卷竹简被他翻来覆去好些遍,还是未能静心。
“回公子,亥时两刻。”若离打着呵欠,“这么晚了,您快去睡罢。”
张良挺直脊背,拿出求学若渴的样子,“我不困。这卷书写的好,我要多品阅几遍。嗯,以前怎没发现它如此有智慧呢?‘不患人之不己知,患不知人也’,写得真好。”

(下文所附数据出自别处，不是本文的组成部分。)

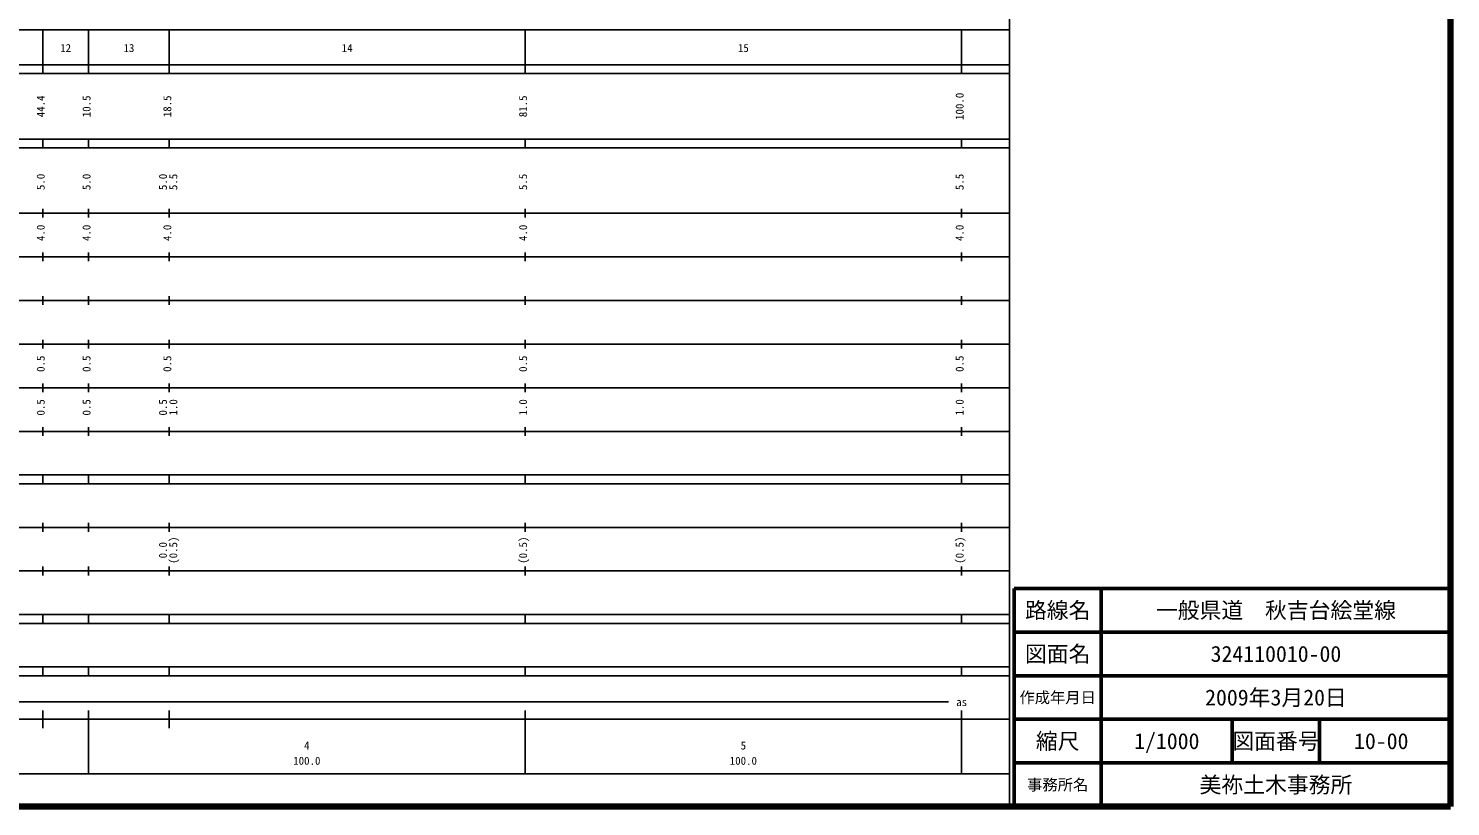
# Model space of a CAD drawing. Units: millimetres on the paper. Extents: x 40 to 680, y 20 to 380.
# Drawn here: x 354.2 to 680, y 20 to 198.4 of the extents above; entities that cross this region are included whole.
import ezdxf
from ezdxf.enums import TextEntityAlignment as Align

# ---------------------------------------------------------------- set-up
doc = ezdxf.new("R2010")
doc.units = ezdxf.units.MM
for name, color, linetype, lineweight in [('M-TTL', 2, 'Continuous', 140), ('M-TTL-BAND', 7, 'Continuous', 25), ('M-TTL-FRAM', 2, 'Continuous', 50), ('M-TTL-LINE', 7, 'Continuous', 50)]:
    doc.layers.add(name, color=color, linetype=linetype, lineweight=lineweight)
doc.layers.add('M-TTL-TXT', color=7, linetype='Continuous')
doc.styles.add('ＭＳ ゴシック', font='')
doc.styles.get('ＭＳ ゴシック').set_extended_font_data('MS Gothic')

msp = doc.modelspace()

# ---------------------------------------------------------------- linework, layer by layer
at = {"layer": 'M-TTL'}
for p, q in [((680, 20), (680, 380)), ((40, 20), (680, 20))]:
    msp.add_line(p, q, dxfattribs=at)
at = {"layer": 'M-TTL-BAND'}
for p, q in [((579, 20), (579, 370)), ((68, 198), (579, 198)), ((357.5, 188), (357.5, 198)), ((368, 188), (368, 198)), ((386.5, 188), (386.5, 198)), ((468, 188), (468, 198)), ((568, 188), (568, 198)), ((40, 190), (579, 190)), ((40, 188), (579, 188)), ((40, 173), (579, 173)), ((357.5, 171), (357.5, 173)), ((368, 171), (368, 173)), ((386.5, 171), (386.5, 173)), ((468, 171), (468, 173)), ((568, 171), (568, 173)), ((40, 171), (579, 171)), ((357.5, 155), (357.5, 157)), ((368, 155), (368, 157)), ((386.5, 155), (386.5, 157)), ((468, 155), (468, 157)), ((568, 155), (568, 157)), ((40, 156), (579, 156)), ((357.5, 145), (357.5, 147)), ((368, 145), (368, 147)), ((386.5, 145), (386.5, 147)), ((468, 145), (468, 147)), ((568, 145), (568, 147)), ((46, 146), (579, 146)), ((357.5, 135), (357.5, 137)), ((368, 135), (368, 137)), ((386.5, 135), (386.5, 137)), ((468, 135), (468, 137)), ((568, 135), (568, 137)), ((52, 136), (579, 136)), ((46, 126), (579, 126)), ((357.5, 125), (357.5, 127)), ((368, 125), (368, 127)), ((386.5, 125), (386.5, 127)), ((468, 125), (468, 127)), ((568, 125), (568, 127)), ((52, 116), (579, 116)), ((357.5, 115), (357.5, 117)), ((368, 115), (368, 117)), ((386.5, 115), (386.5, 117)), ((468, 115), (468, 117)), ((568, 115), (568, 117)), ((46, 106), (579, 106)), ((357.5, 105), (357.5, 107)), ((368, 105), (368, 107)), ((386.5, 105), (386.5, 107)), ((468, 105), (468, 107)), ((568, 105), (568, 107)), ((40, 96), (579, 96)), ((357.5, 94), (357.5, 96)), ((368, 94), (368, 96)), ((386.5, 94), (386.5, 96)), ((468, 94), (468, 96)), ((568, 94), (568, 96)), ((40, 94), (579, 94)), ((357.5, 83), (357.5, 85)), ((368, 83), (368, 85)), ((386.5, 83), (386.5, 85)), ((468, 83), (468, 85)), ((568, 83), (568, 85)), ((49, 84), (579, 84)), ((357.5, 73), (357.5, 75)), ((368, 73), (368, 75)), ((386.5, 73), (386.5, 75)), ((468, 73), (468, 75)), ((568, 73), (568, 75)), ((40, 74), (579, 74)), ((40, 64), (579, 64)), ((40, 62), (579, 62)), ((357.5, 62), (357.5, 64)), ((368, 62), (368, 64)), ((386.5, 62), (386.5, 64)), ((468, 62), (468, 64)), ((568, 62), (568, 64)), ((40, 52), (579, 52)), ((40, 50), (579, 50)), ((357.5, 50), (357.5, 52)), ((368, 50), (368, 52)), ((386.5, 50), (386.5, 52)), ((468, 50), (468, 52)), ((568, 50), (568, 52)), ((71, 44), (565, 44)), ((40, 40), (579, 40)), ((357.5, 38), (357.5, 42)), ((368, 27.5), (368, 42)), ((386.5, 38), (386.5, 42)), ((468, 27.5), (468, 42)), ((568, 27.5), (568, 42)), ((68, 27.5), (579, 27.5))]:
    msp.add_line(p, q, dxfattribs=at)
at = {"layer": 'M-TTL-FRAM'}
for p, q in [((680, 70), (580, 70)), ((580, 70), (580, 20))]:
    msp.add_line(p, q, dxfattribs=at)
at = {"layer": 'M-TTL-LINE'}
for p, q in [((600, 70), (600, 20)), ((680, 60), (580, 60)), ((680, 50), (580, 50)), ((680, 40), (580, 40)), ((630, 40), (630, 30)), ((650, 40), (650, 30)), ((680, 30), (580, 30))]:
    msp.add_line(p, q, dxfattribs=at)

# ---------------------------------------------------------------- texts
at = {"layer": 'M-TTL-BAND', "style": 'ＭＳ ゴシック'}
for s, p in [('12', (362.75, 192.405)), ('13', (377.25, 192.405)), ('14', (427.25, 192.405)), ('15', (518, 192.405)), ('as', (568, 42.5)), ('4', (418, 32.523)), ('5', (518, 32.523)), ('100.0', (418, 29.033)), ('100.0', (518, 29.033))]:
    msp.add_text(s, height=1.833, dxfattribs=at).set_placement(p, align=Align.BOTTOM_CENTER)
for s, p in [('44.4', (358.5, 180.5)), ('10.5', (369, 180.5)), ('18.5', (387.5, 180.5)), ('81.5', (469, 180.5)), ('100.0', (569, 180.5)), ('5.0', (358.5, 163.174)), ('5.0', (369, 163.174)), ('5.0', (386.5, 163.174)), ('5.5', (388.87, 163.174)), ('5.5', (469, 163.174)), ('5.5', (569, 163.174)), ('4.0', (358.5, 151.5)), ('4.0', (369, 151.5)), ('4.0', (387.5, 151.5)), ('4.0', (469, 151.5)), ('4.0', (569, 151.5)), ('0.5', (358.5, 121.5)), ('0.5', (369, 121.5)), ('0.5', (387.5, 121.5)), ('0.5', (469, 121.5)), ('0.5', (569, 121.5)), ('0.5', (358.5, 111.5)), ('0.5', (369, 111.5)), ('0.5', (386.5, 111.5)), ('1.0', (388.87, 111.5)), ('1.0', (469, 111.5)), ('1.0', (569, 111.5)), ('(0.5)', (388.87, 78.764)), ('(0.5)', (469, 78.764)), ('(0.5)', (569, 78.764)), ('0.0', (386.5, 78.764))]:
    msp.add_text(s, height=1.833, rotation=90, dxfattribs=at).set_placement(p, align=Align.BOTTOM_CENTER)
at = {"layer": 'M-TTL-TXT', "style": 'ＭＳ ゴシック'}
for s, height, p in [('路線名', 3.666, (590, 65)), ('路線名', 3.666, (590, 65)), ('一般県道\u3000秋吉台絵堂線', 3.666, (640, 65)), ('図面名', 3.666, (590, 55)), ('図面名', 3.666, (590, 55)), ('324110010-00', 3.666, (640, 55)), ('作成年月日', 2.566, (590, 45)), ('作成年月日', 2.566, (590, 45)), ('2009年3月20日', 3.666, (640, 45)), ('縮尺', 3.666, (590, 35)), ('縮尺', 3.666, (590, 35)), ('1/1000', 3.666, (615, 35)), ('図面番号', 3.666, (640, 35)), ('図面番号', 3.666, (640, 35)), ('10-00', 3.666, (664.125, 35)), ('事務所名', 2.566, (590, 25)), ('事務所名', 2.566, (590, 25)), ('美祢土木事務所', 3.666, (640, 25))]:
    msp.add_text(s, height=height, dxfattribs=at).set_placement(p, align=Align.MIDDLE_CENTER)

doc.saveas('drawing.dxf')

若离看着他一本正经的样子,叹了口气,又往灯里添了油,拨了拨灯芯,把光调亮了些。
少顷,明月西移。张良趴在窗边,手肘撑上横框,迎着清凉晚风,“若离,几时啦?”
若离正打着盹儿,迷糊了两下,“......大概子时了。”
张良若有所思地点头,“嗯,子时,韩兄他们约莫已经上场了。”
若离控制住正打架的眼皮,“是了......是了......”
并没有点破他家公子如今牵肠挂肚的样子,跟他崇拜的豁达之士天差地别。
又过去好一会儿,张良觉着冷,便裹了件及地披风,“若离,几时啦?”
这回若离委实撑不住,趴在桌案上睡去,嘴巴一开一合,十分香甜。
自打听了张开地的断言,张良心情一直很好,没有听到回答也不生气,只心里算了算时间,自言自语:“寅时了,大抵在审问王后了罢?”
他趴在窗边,觉着今晚的夜色尤其动人,连凋落的树叶都别有一番情致。
卯时,天蒙蒙亮。远处青灰色的半空突然闪现一个人影,那人在屋脊上如蜻蜓点水,身手轻快。
张良认出那人,“师兄!”
西门厌轻功好,准是韩非派来送消息的。